San Estanislao de Kostka is a town and municipality located in the Bolívar Department, northern Colombia.

San Estanislao is also informally known as Arenal by the locals, Arenal is Spanish for "sand", which earned its nickname in result that the town accumulates high amounts of sand during rain and wind.  A mission was established on the present site in 1650.  Access to the town can be challenging as the roads that access the town are unpaved and often water-logged after long periods of rain. Inhabitants of San Estanislao generally support themselves through family farms yielding a variety of produce and meat products from the cattle as well as poultry and pork and some of the best dairy products and a local cheese called "queso costeno" when translated means cheese of the coast all of which are shared and traded amongst themselves. "Costenos" which the people of San Estanislao often call themselves are hard working men and women who're humble in every aspect of life.

SPORTS.
       San Estanislao "Arenal" as known by the locals are some of the biggest baseball fans around the local team "Los Tigres de Arenal" are a big deal to the locals in the area and the kids love to meet the players who often host baseball camps for the kids.

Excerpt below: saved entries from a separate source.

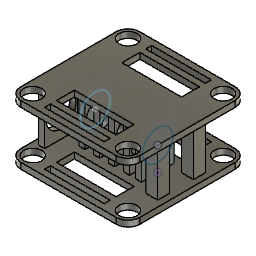
ROV frame sketch v1 (Autodesk Fusion 360 design; units mm, degrees)
Autodesk Fusion 360 part; units mm, degrees
sketch "Sketch3" plane through (0, 0, 0) normal (0, 0, 1) x (1, 0, 0)
  line L0 (80, 100) -> (-80, 100)
  line L1 (-100, 80) -> (-100, -80)
  line L2 (-80, -100) -> (80, -100)
  line L3 (100, -80) -> (100, 80)
  line L4 (100, 100) -> (-94.1421, -94.1421) construction
  line L5 (-100, 100) -> (100, -100) construction
  circle A0 centre (80, -80) radius 15
  circle A1 centre (80, 80) radius 15
  circle A2 centre (-80, -80) radius 15
  line L6 (-90, -5) -> (-90, -60)
  line L7 (-90, -60) -> (-80, -60)
  line L8 (-80, -60) -> (-80, -5)
  line L9 (-80, 45.4617) -> (-80, 5)
  line L10 (-80, 5) -> (-80, 60)
  line L11 (-80, 60) -> (-90, 60)
  line L12 (-90, 60) -> (-90, 5)
  line L13 (-90, -5) -> (-80, -5)
  line L14 (-80, 5) -> (-90, 5)
  arc A3 (100, 80) -> (80, 100) centre (80, 80) ccw
  arc A4 (80, -100) -> (100, -80) centre (80, -80) ccw
  arc A5 (-100, -80) -> (-80, -100) centre (-80, -80) ccw
  arc A6 (-80, 100) -> (-100, 80) centre (-80, 80) ccw
  line L15 (-50, 90) -> (50, 90)
  line L16 (50, 90) -> (50, 80)
  line L17 (50, 80) -> (-50, 80)
  line L18 (-50, 80) -> (-50, 90)
  line L19 (-50, -80) -> (50, -80)
  line L20 (50, -80) -> (50, -90)
  line L21 (50, -90) -> (-50, -90)
  line L22 (-50, -90) -> (-50, -80)
  line L23 (-80, -5) -> (-80, -60)
  line L24 (-80, 5) -> (-80, 60)
  circle A7 centre (-80, 80) radius 15
  line L25 (70, -20) -> (90, -20)
  line L26 (90, -20) -> (90, -40)
  line L27 (90, -40) -> (70, -40)
  line L28 (70, -40) -> (70, -20)
  line L29 (70, 20) -> (90, 20)
  line L30 (90, 20) -> (90, 40)
  line L31 (90, 40) -> (70, 40)
  line L32 (70, 40) -> (70, 20)
  line L33 (-50, 70) -> (50, 70)
  line L34 (50, 70) -> (50, 40)
  line L35 (50, 40) -> (-50, 40)
  line L36 (-50, 40) -> (-50, 70)
  line L37 (50, -70) -> (-50, -70)
  line L38 (-50, -70) -> (-50, -40)
  line L39 (-50, -40) -> (50, -40)
  line L40 (50, -40) -> (50, -70)
  line L41 (-45, -27.5) -> (-55, -27.5)
  line L42 (-55, -27.5) -> (-55, 27.5)
  line L43 (-55, 27.5) -> (-45, 27.5)
  line L44 (-45, 27.5) -> (-45, -27.5)
  line L45 (-45, -27.5) -> (-55, 27.5) construction
  line L46 (-55, -27.5) -> (-45, 27.5) construction
  line L47 (-20, -27.5) -> (-30, -27.5)
  line L48 (-30, -27.5) -> (-30, 27.5)
  line L49 (-30, 27.5) -> (-20, 27.5)
  line L50 (-20, 27.5) -> (-20, -27.5)
  line L51 (-20, -27.5) -> (-30, 27.5) construction
  line L52 (-30, -27.5) -> (-20, 27.5) construction
  line L53 (-5, 27.5) -> (5, 27.5)
  line L54 (5, 27.5) -> (5, -27.5)
  line L55 (5, -27.5) -> (-5, -27.5)
  line L56 (-5, -27.5) -> (-5, 27.5)
  line L57 (30, 27.5) -> (20, 27.5)
  line L58 (20, 27.5) -> (20, -27.5)
  line L59 (20, -27.5) -> (30, -27.5)
  line L60 (30, -27.5) -> (30, 27.5)
  line L61 (21.1538, -21.1538) -> (20, -27.5) construction
  line L62 (20, 27.5) -> (21.1538, 21.1538) construction
  line L63 (50, 27.5) -> (40, 27.5)
  line L64 (40, 27.5) -> (40, -27.5)
  line L65 (40, -27.5) -> (50, -27.5)
  line L66 (50, -27.5) -> (50, 27.5)
  point P0 (-50, 0)
  point P1 (-25, 0)
  point P2 (25, 0)
  point P3 (45, 0)
  dimension "d5" = 30
  dimension "d7" = 30
  dimension "d10" = 30
  dimension "d17" = 55
  dimension "d19" = 55
  dimension "d23" = 30
  dimension "d31" = 10
  dimension "d32" = 55
  dimension "d33" = 10
  dimension "d34" = 55
  dimension "d35" = 10
  dimension "d36" = 55
  dimension "d38" = 10
  dimension "d39" = 55
  dimension "d40" = 20
  dimension "d41" = 10
  dimension "d42" = 55
  constraint horizontal L0
  constraint perpendicular L0 L1
  constraint parallel L0 L2
  constraint parallel L1 L3
  constraint vertical L6
  constraint horizontal L7
  constraint vertical L8
  constraint vertical L9
  constraint vertical L10
  constraint horizontal L11
  constraint vertical L12
  constraint horizontal L13
  constraint horizontal L14
  constraint coincident A1.centre A3.centre
  constraint coincident A0.centre A4.centre
  constraint coincident A2.centre A5.centre
  constraint horizontal L15
  constraint vertical L16
  constraint horizontal L17
  constraint vertical L18
  constraint horizontal L19
  constraint vertical L20
  constraint horizontal L21
  constraint vertical L22
  constraint coincident A5 L4.end
  constraint concentric A6 A7
  constraint horizontal L25
  constraint vertical L26
  constraint horizontal L27
  constraint vertical L28
  constraint horizontal L29
  constraint vertical L30
  constraint horizontal L31
  constraint vertical L32
  constraint horizontal L33
  constraint vertical L34
  constraint horizontal L35
  constraint vertical L36
  constraint horizontal L37
  constraint vertical L38
  constraint horizontal L39
  constraint vertical L40
  constraint horizontal L41
  constraint perpendicular L41 L42
  constraint parallel L41 L43
  constraint parallel L42 L44
  constraint coincident L45 P0
  constraint coincident L46 P0
  constraint horizontal L47
  constraint perpendicular L47 L48
  constraint parallel L47 L49
  constraint parallel L48 L50
  constraint coincident L51 P1
  constraint coincident L52 P1
  constraint horizontal L53
  constraint perpendicular L53 L54
  constraint parallel L53 L55
  constraint parallel L54 L56
  constraint horizontal L57
  constraint perpendicular L57 L58
  constraint parallel L57 L59
  constraint parallel L58 L60
  constraint coincident L61 P2
  constraint coincident L62 P2
  constraint horizontal L63
  constraint perpendicular L63 L64
  constraint parallel L63 L65
  constraint parallel L64 L66
  constraint coincident L5 L61.start
  constraint coincident L4 L62.end
  measures "d5" diameter of A0
  measures "d7" diameter of A1
  measures "d10" diameter of A2
  measures "d17" distance of L6.end L6.start
  measures "d19" distance of L11.end L12.end
  measures "d23" diameter of A7
  measures "d31" distance of L42.end L43.end
  measures "d32" distance of L41.end L42.end
  measures "d33" distance of L48.end L49.end
  measures "d34" distance of L47.end L48.end
  measures "d35" distance of L54.end L55.end
  measures "d36" distance of L53.end L54.end
  measures "d38" distance of L58.end L59.end
  measures "d39" distance of L57.end L58.end
  measures "d40" distance of P2 P3
  measures "d41" distance of L64.end L65.end
  measures "d42" distance of L63.end L64.end
  measures "d52" diameter of L5.start
extrude "Extrude2" add sketch "Sketch3" against normal blind 10 contours L0 L1 L2 L3 A3 A4 A5 A6 | L6 L7 L8 L13 L23 | L9 L10 L11 L12 L14 L24 | L25 L26 L27 L28 | L29 L30 L31 L32 | L41 L42 L43 L44 | L47 L48 L49 L50 | L53 L54 L55 L56 | L57 L58 L59 L60 | L63 L64 L65 L66
extrude "Extrude3" add sketch "Sketch3" along normal blind 80 contours L6 L7 L8 L13 L23 | L9 L10 L11 L12 L14 L24
extrude "Extrude4" add sketch "Sketch3" along normal blind 80 contours L41 L42 L43 L44 | L47 L48 L49 L50 | L53 L54 L55 L56 | L57 L58 L59 L60 | L63 L64 L65 L66
sketch "Sketch5" plane through (50, 0, 0) normal (1, 0, 0) x (0, 1, 0)
  line L0 (-27.5, 0) -> (27.5, 0)
  line L1 (27.5, 0) -> (27.5, 80)
  line L2 (27.5, 80) -> (-27.5, 80)
  line L3 (-27.5, 80) -> (-27.5, 0)
  circle A0 centre (0, 40) radius 25
  line L4 (-27.5, 40) -> (-25, 40)
  line L5 (25, 40) -> (27.5, 40)
  dimension "d45" = 40
  dimension "d46" = 50
  constraint midpoint L3 L4.start
  constraint coincident A0 L4.end
  constraint perpendicular L3 L4
  constraint coincident A0 L5.start
  constraint midpoint L1 L5.end
  constraint perpendicular L1 L5
  measures "d45" distance of origin A0.centre
  measures "d46" diameter of A0
extrude "Extrude5" cut sketch "Sketch5" against normal blind 105 contours A0
extrude "Extrude6" cut sketch "Sketch5" against normal blind 105 contours L1 L2 L3 A0 L4 L5
sketch "Sketch6" plane through (-80, 0, 0) normal (1, 0, 0) x (0, 1, 0)
  line L0 (5, 0) -> (60, 0)
  line L1 (60, 0) -> (60, 80)
  line L2 (60, 80) -> (5, 80)
  line L3 (5, 80) -> (5, 0)
  circle A0 centre (32.5, 40) radius 25
  dimension "d52" = 50
  measures "d52" diameter of A0
sketch "Sketch7" plane through (-80, 0, 0) normal (1, 0, 0) x (0, 1, 0)
  line L0 (-60, 0) -> (-5, 0)
  line L1 (-5, 0) -> (-5, 80)
  line L2 (-5, 80) -> (-60, 80)
  line L3 (-60, 80) -> (-60, 0)
  circle A0 centre (-32.5, 40) radius 25
  dimension "d54" = 50
  measures "d54" diameter of A0
extrude "Extrude7" cut sketch "Sketch6" sketch "Sketch7" against normal blind 10 contours A0 of sketch 2 contours A0
ref_plane "WorkPlane1" through (0, 0, 80) normal (0, 0, 1) x (1, 0, 0)
sketch "Sketch8" plane through (0, 0, 80) normal (0, 0, 1) x (1, 0, 0)
  circle A0 centre (80, -80) radius 15
  circle A1 centre (-80, -80) radius 15
  circle A2 centre (80, 80) radius 15
  circle A3 centre (-80, 80) radius 15
  line L0 (40.0189, 27.5) -> (50.0189, 27.5)
  line L1 (50.0189, 27.5) -> (50.0189, -27.5)
  line L2 (50.0189, -27.5) -> (40.0189, -27.5)
  line L3 (40.0189, -27.5) -> (40.0189, 27.5)
  line L4 (40.0189, 27.5) -> (50.0189, -27.5) construction
  line L5 (50.0189, 27.5) -> (40.0189, -27.5) construction
  line L6 (20.082, 27.5) -> (30.082, 27.5)
  line L7 (30.082, 27.5) -> (30.082, -27.5)
  line L8 (30.082, -27.5) -> (20.082, -27.5)
  line L9 (20.082, -27.5) -> (20.082, 27.5)
  line L10 (20.082, 27.5) -> (30.082, -27.5) construction
  line L11 (30.082, 27.5) -> (20.082, -27.5) construction
  line L12 (-5, 27.5) -> (5, 27.5)
  line L13 (5, 27.5) -> (5, -27.5)
  line L14 (5, -27.5) -> (-5, -27.5)
  line L15 (-5, -27.5) -> (-5, 27.5)
  line L16 (-5, 27.5) -> (5, -27.5) construction
  line L17 (5, 27.5) -> (-5, -27.5) construction
  line L18 (-29.7604, 27.5) -> (-19.7604, 27.5)
  line L19 (-19.7604, 27.5) -> (-19.7604, -27.5)
  line L20 (-19.7604, -27.5) -> (-29.7604, -27.5)
  line L21 (-29.7604, -27.5) -> (-29.7604, 27.5)
  line L22 (-29.7604, 27.5) -> (-19.7604, -27.5) construction
  line L23 (-19.7604, 27.5) -> (-29.7604, -27.5) construction
  line L24 (-55, 27.5) -> (-45, 27.5)
  line L25 (-45, 27.5) -> (-45, -27.5)
  line L26 (-45, -27.5) -> (-55, -27.5)
  line L27 (-55, -27.5) -> (-55, 27.5)
  line L28 (-55, 27.5) -> (-45, -27.5) construction
  line L29 (-45, 27.5) -> (-55, -27.5) construction
  line L30 (50, -90) -> (-50, -90)
  line L31 (-50, -90) -> (-50, -80)
  line L32 (-50, -80) -> (50, -80)
  line L33 (50, -80) -> (50, -90)
  line L34 (50, -70) -> (-50, -70)
  line L35 (-50, -70) -> (-50, -40)
  line L36 (-50, -40) -> (50, -40)
  line L37 (50, -40) -> (50, -70)
  line L38 (50, 40) -> (-50, 40)
  line L39 (-50, 40) -> (-50, 70)
  line L40 (-50, 70) -> (50, 70)
  line L41 (50, 70) -> (50, 40)
  line L42 (50, 80) -> (-50, 80)
  line L43 (-50, 80) -> (-50, 90)
  line L44 (-50, 90) -> (50, 90)
  line L45 (50, 90) -> (50, 80)
  line L46 (80, -100) -> (-80, -100)
  line L47 (-100, -80) -> (-100, 80)
  line L48 (-80, 100) -> (80, 100)
  line L49 (100, 80) -> (100, -80)
  arc A4 (80, -100) -> (100, -80) centre (80, -80) ccw
  arc A5 (-100, -80) -> (-80, -100) centre (-80, -80) ccw
  arc A6 (-80, 100) -> (-100, 80) centre (-80, 80) ccw
  arc A7 (100, 80) -> (80, 100) centre (80, 80) ccw
  point P0 (45.0189, 0)
  point P1 (25.082, 0)
  point P2 (-24.7604, 0)
  point P3 (-50, 0)
  dimension "d58" = 30
  dimension "d59" = 30
  dimension "d60" = 30
  dimension "d61" = 30
  dimension "d62" = 10
  dimension "d63" = 55
  dimension "d64" = 10
  dimension "d65" = 55
  dimension "d66" = 10
  dimension "d67" = 55
  dimension "d68" = 10
  dimension "d69" = 55
  dimension "d70" = 10
  dimension "d71" = 55
  constraint horizontal L0
  constraint perpendicular L0 L1
  constraint parallel L0 L2
  constraint parallel L1 L3
  constraint coincident L4 P0
  constraint coincident L5 P0
  constraint horizontal L6
  constraint perpendicular L6 L7
  constraint parallel L6 L8
  constraint parallel L7 L9
  constraint coincident L10 P1
  constraint coincident L11 P1
  constraint horizontal L12
  constraint perpendicular L12 L13
  constraint parallel L12 L14
  constraint parallel L13 L15
  constraint coincident L16 origin
  constraint coincident L17 origin
  constraint horizontal L18
  constraint perpendicular L18 L19
  constraint parallel L18 L20
  constraint parallel L19 L21
  constraint coincident L22 P2
  constraint coincident L23 P2
  constraint horizontal L24
  constraint perpendicular L24 L25
  constraint parallel L24 L26
  constraint parallel L25 L27
  constraint coincident L28 P3
  constraint coincident L29 P3
  constraint horizontal L30
  constraint vertical L31
  constraint horizontal L32
  constraint vertical L33
  constraint horizontal L34
  constraint vertical L35
  constraint horizontal L36
  constraint vertical L37
  constraint horizontal L38
  constraint vertical L39
  constraint horizontal L40
  constraint vertical L41
  constraint horizontal L42
  constraint vertical L43
  constraint horizontal L44
  constraint vertical L45
  constraint horizontal L46
  constraint vertical L47
  constraint horizontal L48
  constraint vertical L49
  constraint coincident A0.centre A4.centre
  constraint coincident A1.centre A5.centre
  constraint coincident A3.centre A6.centre
  constraint coincident A2.centre A7.centre
  measures "d58" diameter of A0
  measures "d59" diameter of A1
  measures "d60" diameter of A2
  measures "d61" diameter of A3
  measures "d62" distance of L1.end L2.end
  measures "d63" distance of L0.end L1.end
  measures "d64" distance of L7.end L8.end
  measures "d65" distance of L6.end L7.end
  measures "d66" distance of L13.end L14.end
  measures "d67" distance of L12.end L13.end
  measures "d68" distance of L19.end L20.end
  measures "d69" distance of L18.end L19.end
  measures "d70" distance of L25.end L26.end
  measures "d71" distance of L24.end L25.end
extrude "Extrude8" add sketch "Sketch8" along normal blind 10
extrude "Extrude9" add sketch "Sketch3" along normal blind 80 contours L25 L26 L27 L28 | L29 L30 L31 L32
extrude "Extrude10" add sketch "Sketch8" along normal blind 10 and the other way blind 40 contours L0 L1 L2 L3 | L6 L7 L8 L9 | L12 L13 L14 L15 | L18 L19 L20 L21 | L24 L25 L26 L27
extrude "Extrude11" cut sketch "Sketch5" against normal blind 120 contours A0
sketch "Sketch9" plane through (50, 0, 40) normal (1, 0, 0) x (0, 1, 0)
  circle A0 centre (0, 0) radius 25
  dimension "d82" = 50
  constraint coincident A0.centre origin
  measures "d82" diameter of A0
sketch "Sketch10" plane through (-55, 0, 0) normal (-1, 0, 0) x (0, -1, 0)
  circle A0 centre (0, 40) radius 25
  line L0 (-27.5, 80) -> (-27.5, 0)
  line L1 (-27.5, 0) -> (27.5, 0)
  line L2 (27.5, 0) -> (27.5, 80)
  line L3 (27.5, 80) -> (-27.5, 80)
  circle A1 centre (0, 40) radius 25
  constraint concentric A0 A1
sketch "Sketch11" plane through (50.0189, 0, 0) normal (1, 0, 0) x (0, 1, 0)
  line L0 (27.5, 80) -> (-27.5, 80)
  line L1 (-27.5, 80) -> (-27.5, 40)
  line L2 (-27.5, 40) -> (27.5, 40)
  line L3 (27.5, 40) -> (27.5, 80)
  circle A0 centre (0, 40) radius 25
  dimension "d83" = 50
  constraint midpoint L2 A0.centre
  measures "d83" diameter of A0
extrude "Extrude12" cut sketch "Sketch11" against normal blind 10 contours L2 A0 picked at (0.7158, 49.5521)

Of course another one of the countries and one of the world's most popular sport soccer is always the go to sport and is played from the grass fields to the dirt and concrete roads of San Estanislao.

Location 
San Estanislao is located alongside the northeastern side of the Dique Canal 16 meters (55 feet) above sea level. Nearest major metropolitan municipalities are Barranquilla to the north by northeast, and Cartagena to the west. The town of Soplaviento is located across the canal from San Estanislao.

Population 
16,518

Climate 
The average temperature is approximately 35.0'C (95.0'F) during the day, 23.9'C (75.0'F) at night, and is generally the same most of the calendar year.